Table 3 Number of occurrences in each phoneme class for the last word and the whole sentence for each form (combination of high-predictability [HP] and low-predictability sentences)

In order to test whether all the forms had equivalent phonetic contents, a chi-square analysis was performed. Two separate tests were performed, for the final words or key words alone and for the whole sentences. Phoneme class (occlusives, fricatives, nasals, liquids, and vowels) and form (six levels) were included as factors in both cases. The chi-square value was not significant for the whole sentences, χ 2(20) = 8.13, p > .05, or for the final words of the sentence, χ 2(20) = 9.66, p > .05. Thus, the six final forms were equivalent in their phonetic content, whether the whole sentence was considered or only the final words. Finally, the definitive forms containing both HP and LP sentences are presented in the Appendix.

Discussion

Our objective was to generate forms of HP and LP Spanish sentences equivalent in intelligibility (measured as percent correct scores obtained in the perceptual task). These types of sentences have many applications, especially in psycholinguistics and audiology. In psycholinguistics, they could be especially useful in those circumstances in which it would be interesting to assess the sensory or bottom-up processing and the cognitive (effective use of context) or top-down processing capabilities of listeners during language processing. Some examples would be elderly listeners with age-related hearing loss but with intact top-down processing skills, children learning a second language who are not yet completely able to use context to accomplish speech perception, or individuals learning a second language with different levels of language proficiency. In audiology, these sentences can be useful for evaluating hearing aids in different SNR conditions simulating a variety of everyday communicative situations.
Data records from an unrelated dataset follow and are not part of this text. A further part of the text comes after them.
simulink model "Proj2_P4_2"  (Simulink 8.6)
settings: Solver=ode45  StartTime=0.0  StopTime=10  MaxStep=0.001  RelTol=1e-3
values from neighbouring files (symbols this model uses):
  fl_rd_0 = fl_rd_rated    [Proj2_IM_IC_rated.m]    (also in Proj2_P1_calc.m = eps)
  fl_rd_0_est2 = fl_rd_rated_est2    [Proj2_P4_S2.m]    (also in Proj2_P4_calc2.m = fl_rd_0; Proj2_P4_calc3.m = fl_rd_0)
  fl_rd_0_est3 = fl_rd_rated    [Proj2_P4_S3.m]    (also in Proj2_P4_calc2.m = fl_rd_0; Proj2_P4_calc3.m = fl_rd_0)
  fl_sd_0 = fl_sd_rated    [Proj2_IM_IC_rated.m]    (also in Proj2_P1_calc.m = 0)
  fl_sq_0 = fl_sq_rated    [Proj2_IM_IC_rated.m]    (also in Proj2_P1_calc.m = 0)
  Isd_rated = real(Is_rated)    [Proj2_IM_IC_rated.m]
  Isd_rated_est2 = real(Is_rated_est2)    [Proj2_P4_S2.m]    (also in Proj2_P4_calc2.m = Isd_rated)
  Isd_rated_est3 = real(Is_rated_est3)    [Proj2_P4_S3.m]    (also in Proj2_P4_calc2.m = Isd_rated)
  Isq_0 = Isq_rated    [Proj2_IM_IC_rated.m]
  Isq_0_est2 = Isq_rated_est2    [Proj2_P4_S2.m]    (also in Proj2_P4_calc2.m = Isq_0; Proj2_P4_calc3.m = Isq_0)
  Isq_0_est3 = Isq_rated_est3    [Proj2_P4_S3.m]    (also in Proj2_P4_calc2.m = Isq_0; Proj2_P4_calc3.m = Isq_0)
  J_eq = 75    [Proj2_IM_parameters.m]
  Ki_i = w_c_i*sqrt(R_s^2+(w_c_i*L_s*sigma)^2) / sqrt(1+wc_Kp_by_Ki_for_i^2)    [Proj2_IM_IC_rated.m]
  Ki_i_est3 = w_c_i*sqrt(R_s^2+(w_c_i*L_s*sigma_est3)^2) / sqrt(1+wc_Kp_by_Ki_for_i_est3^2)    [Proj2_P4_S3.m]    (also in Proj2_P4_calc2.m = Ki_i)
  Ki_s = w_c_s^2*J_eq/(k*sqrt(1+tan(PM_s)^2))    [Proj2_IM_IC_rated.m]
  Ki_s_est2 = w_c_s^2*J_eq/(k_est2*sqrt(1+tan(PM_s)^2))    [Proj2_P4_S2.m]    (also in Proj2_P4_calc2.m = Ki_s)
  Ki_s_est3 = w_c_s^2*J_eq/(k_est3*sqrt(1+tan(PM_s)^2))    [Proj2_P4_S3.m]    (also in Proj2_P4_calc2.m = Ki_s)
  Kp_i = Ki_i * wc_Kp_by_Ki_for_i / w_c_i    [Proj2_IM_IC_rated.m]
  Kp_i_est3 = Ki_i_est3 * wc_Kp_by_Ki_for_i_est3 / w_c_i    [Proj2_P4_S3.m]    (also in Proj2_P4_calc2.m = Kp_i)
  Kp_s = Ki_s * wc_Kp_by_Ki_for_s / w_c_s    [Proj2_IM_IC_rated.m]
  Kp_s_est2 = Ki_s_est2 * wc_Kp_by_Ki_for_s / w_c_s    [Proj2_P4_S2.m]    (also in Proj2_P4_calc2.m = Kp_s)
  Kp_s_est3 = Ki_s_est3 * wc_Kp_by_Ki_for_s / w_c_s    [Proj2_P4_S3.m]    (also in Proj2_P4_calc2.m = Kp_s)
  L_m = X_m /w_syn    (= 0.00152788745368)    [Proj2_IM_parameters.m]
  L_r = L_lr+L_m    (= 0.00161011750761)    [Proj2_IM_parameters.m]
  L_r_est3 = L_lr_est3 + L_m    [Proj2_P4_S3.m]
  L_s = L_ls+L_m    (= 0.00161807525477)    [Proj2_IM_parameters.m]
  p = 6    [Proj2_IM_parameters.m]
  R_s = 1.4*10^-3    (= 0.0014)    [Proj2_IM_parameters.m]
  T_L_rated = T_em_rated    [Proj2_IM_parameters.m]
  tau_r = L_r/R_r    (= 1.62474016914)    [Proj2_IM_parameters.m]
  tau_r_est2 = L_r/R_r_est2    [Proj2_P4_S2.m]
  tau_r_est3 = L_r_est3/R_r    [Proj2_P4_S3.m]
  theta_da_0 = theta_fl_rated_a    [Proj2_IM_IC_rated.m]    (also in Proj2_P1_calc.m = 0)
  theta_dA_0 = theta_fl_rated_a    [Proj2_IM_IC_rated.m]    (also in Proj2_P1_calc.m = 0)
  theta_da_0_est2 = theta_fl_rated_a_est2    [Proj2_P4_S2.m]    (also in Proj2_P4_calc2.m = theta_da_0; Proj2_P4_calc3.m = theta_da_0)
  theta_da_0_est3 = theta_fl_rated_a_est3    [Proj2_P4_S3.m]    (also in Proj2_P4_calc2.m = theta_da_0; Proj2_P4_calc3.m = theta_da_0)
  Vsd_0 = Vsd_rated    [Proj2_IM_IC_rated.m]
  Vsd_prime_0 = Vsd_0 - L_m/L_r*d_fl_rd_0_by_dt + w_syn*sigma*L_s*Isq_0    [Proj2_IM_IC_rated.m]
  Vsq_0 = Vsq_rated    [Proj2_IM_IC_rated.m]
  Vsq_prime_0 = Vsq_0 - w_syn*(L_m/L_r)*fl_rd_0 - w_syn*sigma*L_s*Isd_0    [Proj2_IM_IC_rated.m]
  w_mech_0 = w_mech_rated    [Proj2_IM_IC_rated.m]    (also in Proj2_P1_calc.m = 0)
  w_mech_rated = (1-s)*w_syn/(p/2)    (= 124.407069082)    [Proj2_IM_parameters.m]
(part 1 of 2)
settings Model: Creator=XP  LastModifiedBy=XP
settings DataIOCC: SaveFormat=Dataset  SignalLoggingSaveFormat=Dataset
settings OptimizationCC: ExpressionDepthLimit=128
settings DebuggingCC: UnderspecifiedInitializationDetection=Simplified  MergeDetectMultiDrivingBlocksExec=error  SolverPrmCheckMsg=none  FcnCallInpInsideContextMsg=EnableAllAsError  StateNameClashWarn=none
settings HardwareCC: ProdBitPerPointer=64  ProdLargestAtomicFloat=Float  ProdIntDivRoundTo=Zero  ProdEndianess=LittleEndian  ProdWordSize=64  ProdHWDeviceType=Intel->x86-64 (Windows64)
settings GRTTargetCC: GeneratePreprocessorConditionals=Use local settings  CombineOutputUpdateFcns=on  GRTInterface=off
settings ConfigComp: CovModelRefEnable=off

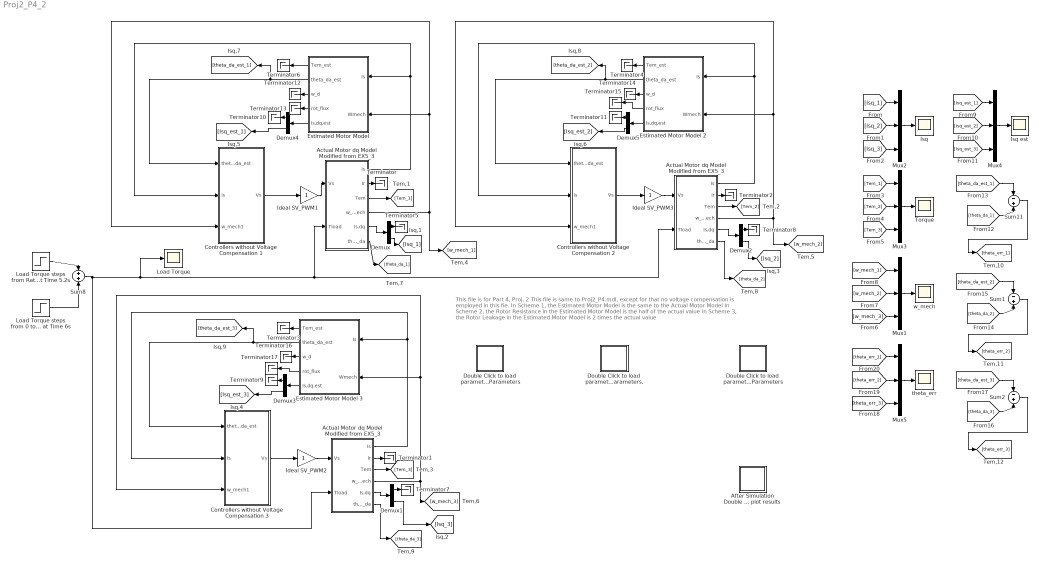
== system Proj2_P4_2 ==
  note: This file is for Part 4, Proj. 2
      | This file is same to Proj2_P4.mdl, except for that no voltage compensation is employed in this fie.
      |
      | In Scheme 1, the Estimated Motor Model is the same to the Actual Motor Model
      | In Scheme 2, the Rotor Resistance in the Estimated Motor Model is the half of the actual value
      | In Scheme 3, the Rotor Leakage in the Estimated Motor Model is 2 times the actual value
  Actual Motor dq Model Modified from EX5_3 : Subsystem
  "Actual Motor dq Model Modified from EX5_3 " : Subsystem
  "Actual Motor dq Model Modified from EX5_3  " : Subsystem
  "After Simulation Double Click to plot results " : Subsystem
      settings: OpenFcn=Proj2_P4_plots
      mask Display:
      | plot(0,0)
      | plot(100,100)
      | disp('Plot')
  Controllers without Voltage Compensation 1 : Subsystem
  Controllers without Voltage Compensation 2 : Subsystem
  Controllers without Voltage Compensation 3 : Subsystem
  Demux{,1..5} (6 alike) : Demux  Outputs=2
  "Double Click to load parameters and initial conditions  In this case, all initial values are obtained based on Actual Parameters;  parameters of Estimated Motor and Voltage Compensation Mode are based on Estimated Parameters;  paramters of  Controllers are based on Actual Parameters.  " : Subsystem
      settings: OpenFcn=Proj2_P4_calc2
      mask Display:
      | plot(0,0)
      | plot(100,100)
      | disp('Start')
  "Double Click to load parameters and initial conditions  In this case, all initial values are obtained based on Actual Parameters;  parameters of Estimated Motor and Voltage Compensation Model and Controllers are all based on Estimated Parameters  " : Subsystem
      settings: OpenFcn=Proj2_P4_calc3
      mask Display:
      | plot(0,0)
      | plot(100,100)
      | disp('Start')
  "Double Click to load parameters and initial conditions  In this case, all parameters and initial values in Estimated Motor, Voltage Compensation  and Controller Mode are based on Estimated Parameters" : Subsystem
      settings: OpenFcn=Proj2_P4_calc
      mask Display:
      | plot(0,0)
      | plot(100,100)
      | disp('Start')
  Estimated Motor Model : Subsystem
  Estimated Motor Model 2 : Subsystem
  Estimated Motor Model 3 : Subsystem
  Ideal SV_PWM1 : Gain  SaturateOnIntegerOverflow=on  OutDataTypeStr=Inherit: Same as input  ParamDataTypeStr=Inherit: Same as input
  Ideal SV_PWM2 : Gain  SaturateOnIntegerOverflow=on  OutDataTypeStr=Inherit: Same as input  ParamDataTypeStr=Inherit: Same as input
  Ideal SV_PWM3 : Gain  SaturateOnIntegerOverflow=on  OutDataTypeStr=Inherit: Same as input  ParamDataTypeStr=Inherit: Same as input
  Isq : Scope
  Isq est : Scope
  Load Torque : Scope
  Load Torque steps from 0 to 3/4Rated value at Time 6s : Step  Time=6  After=3/4*T_L_rated  SampleTime=0
  Load Torque steps from Rated to 0 at Time 5.2s : Step  Time=5.2  Before=T_L_rated  After=0  SampleTime=0
  Mux{1..5} (5 alike) : Mux  Inputs=3
  Sum1 : Sum  Inputs=-|+  SaturateOnIntegerOverflow=on  InputSameDT=on  OutDataTypeStr=Inherit: Same as first input
  Sum11 : Sum  Inputs=-|+  SaturateOnIntegerOverflow=on  InputSameDT=on  OutDataTypeStr=Inherit: Same as first input
  Sum2 : Sum  Inputs=-|+  SaturateOnIntegerOverflow=on  InputSameDT=on  OutDataTypeStr=Inherit: Same as first input
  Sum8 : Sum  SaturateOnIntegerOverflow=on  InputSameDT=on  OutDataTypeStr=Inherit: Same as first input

As in the case of the SPIN sentences (Kalikow et al., 1977) for the English language, the sentences developed in the present study for the Spanish language are easy to administer. The duration is short (about 10 min per form). The response required by the listeners is simple, because he or she has to respond only with the final word of the sentence. Besides intelligibility (percent correct scores), other characteristics are also controlled, such as phonetic content, sentence length, final word stress, and final word frequency, all of which are quite relevant in audiological evaluation. The utility of the SPIN sentences (Kalikow et al., 1977) has been demonstrated by their utility in audiology and psycholinguistics. For the audiological evaluation of Spanish-speaking listeners or research conducted with Spanish-speaking listeners, it is necessary to have similar speech materials for the Spanish language.